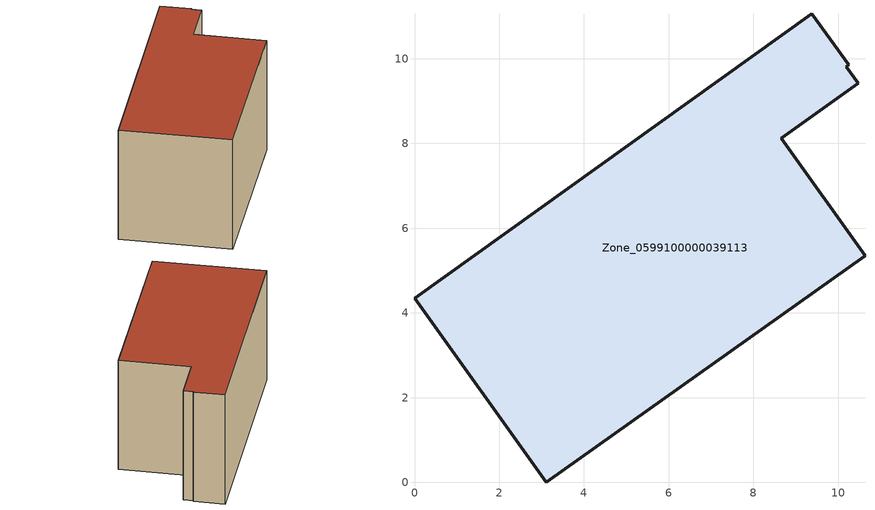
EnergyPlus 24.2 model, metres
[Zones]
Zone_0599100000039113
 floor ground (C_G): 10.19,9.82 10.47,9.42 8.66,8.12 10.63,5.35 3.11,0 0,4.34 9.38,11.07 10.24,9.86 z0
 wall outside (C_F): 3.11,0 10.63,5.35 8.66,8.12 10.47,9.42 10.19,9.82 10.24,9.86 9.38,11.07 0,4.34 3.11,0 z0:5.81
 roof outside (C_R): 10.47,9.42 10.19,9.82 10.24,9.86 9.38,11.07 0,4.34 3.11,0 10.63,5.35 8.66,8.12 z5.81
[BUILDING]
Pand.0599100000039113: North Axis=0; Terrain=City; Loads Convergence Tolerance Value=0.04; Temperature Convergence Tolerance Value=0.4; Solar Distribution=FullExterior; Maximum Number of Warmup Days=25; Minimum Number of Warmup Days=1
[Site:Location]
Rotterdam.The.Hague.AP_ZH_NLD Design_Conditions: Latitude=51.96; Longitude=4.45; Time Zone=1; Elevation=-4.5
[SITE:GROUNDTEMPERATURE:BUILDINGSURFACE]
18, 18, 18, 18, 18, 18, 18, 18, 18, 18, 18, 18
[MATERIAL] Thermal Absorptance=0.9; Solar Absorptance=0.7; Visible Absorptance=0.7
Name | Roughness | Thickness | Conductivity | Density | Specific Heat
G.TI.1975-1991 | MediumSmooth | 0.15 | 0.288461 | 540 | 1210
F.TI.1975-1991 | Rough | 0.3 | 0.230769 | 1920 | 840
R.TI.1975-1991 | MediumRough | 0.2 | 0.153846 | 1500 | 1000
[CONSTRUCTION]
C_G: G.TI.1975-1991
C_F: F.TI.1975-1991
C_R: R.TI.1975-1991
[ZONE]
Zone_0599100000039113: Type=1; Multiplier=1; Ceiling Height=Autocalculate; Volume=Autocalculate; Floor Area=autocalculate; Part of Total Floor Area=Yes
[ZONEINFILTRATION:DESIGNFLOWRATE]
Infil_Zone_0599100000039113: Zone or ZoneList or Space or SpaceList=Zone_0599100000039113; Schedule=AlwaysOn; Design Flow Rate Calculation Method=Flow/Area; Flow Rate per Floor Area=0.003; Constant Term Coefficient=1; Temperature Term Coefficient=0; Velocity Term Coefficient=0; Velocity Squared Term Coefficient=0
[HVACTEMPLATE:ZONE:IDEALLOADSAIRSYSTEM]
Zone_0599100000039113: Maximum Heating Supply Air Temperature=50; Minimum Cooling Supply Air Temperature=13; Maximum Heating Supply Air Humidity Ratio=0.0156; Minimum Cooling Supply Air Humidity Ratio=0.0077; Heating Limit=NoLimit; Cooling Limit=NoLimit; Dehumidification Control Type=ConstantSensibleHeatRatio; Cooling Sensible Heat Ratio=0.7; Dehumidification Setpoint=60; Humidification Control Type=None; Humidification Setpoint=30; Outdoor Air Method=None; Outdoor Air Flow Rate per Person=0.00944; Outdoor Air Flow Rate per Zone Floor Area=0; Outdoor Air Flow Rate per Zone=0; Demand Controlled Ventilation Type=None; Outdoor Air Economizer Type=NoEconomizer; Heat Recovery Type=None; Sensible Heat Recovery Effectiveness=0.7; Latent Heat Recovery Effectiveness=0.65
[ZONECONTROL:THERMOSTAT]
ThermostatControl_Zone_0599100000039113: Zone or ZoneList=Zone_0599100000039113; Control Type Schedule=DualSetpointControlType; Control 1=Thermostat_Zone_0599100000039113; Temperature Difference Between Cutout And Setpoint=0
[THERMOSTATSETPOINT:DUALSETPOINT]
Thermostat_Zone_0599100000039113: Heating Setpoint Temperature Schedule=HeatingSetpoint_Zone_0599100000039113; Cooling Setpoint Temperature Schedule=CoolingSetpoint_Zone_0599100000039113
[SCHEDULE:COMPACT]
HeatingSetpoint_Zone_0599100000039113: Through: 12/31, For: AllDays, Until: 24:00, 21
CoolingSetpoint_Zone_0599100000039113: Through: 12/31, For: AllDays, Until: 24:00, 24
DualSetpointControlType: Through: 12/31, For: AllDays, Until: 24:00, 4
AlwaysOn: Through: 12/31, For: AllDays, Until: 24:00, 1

◆ ◆ ◆ ◆

Look for the word "Solar". Copy out every line of the data that has it.

**YOUR RESPONSE**
Pand.0599100000039113: North Axis=0; Terrain=City; Loads Convergence Tolerance Value=0.04; Temperature Convergence Tolerance Value=0.4; Solar Distribution=FullExterior; Maximum Number of Warmup Days=25; Minimum Number of Warmup Days=1
[MATERIAL] Thermal Absorptance=0.9; Solar Absorptance=0.7; Visible Absorptance=0.7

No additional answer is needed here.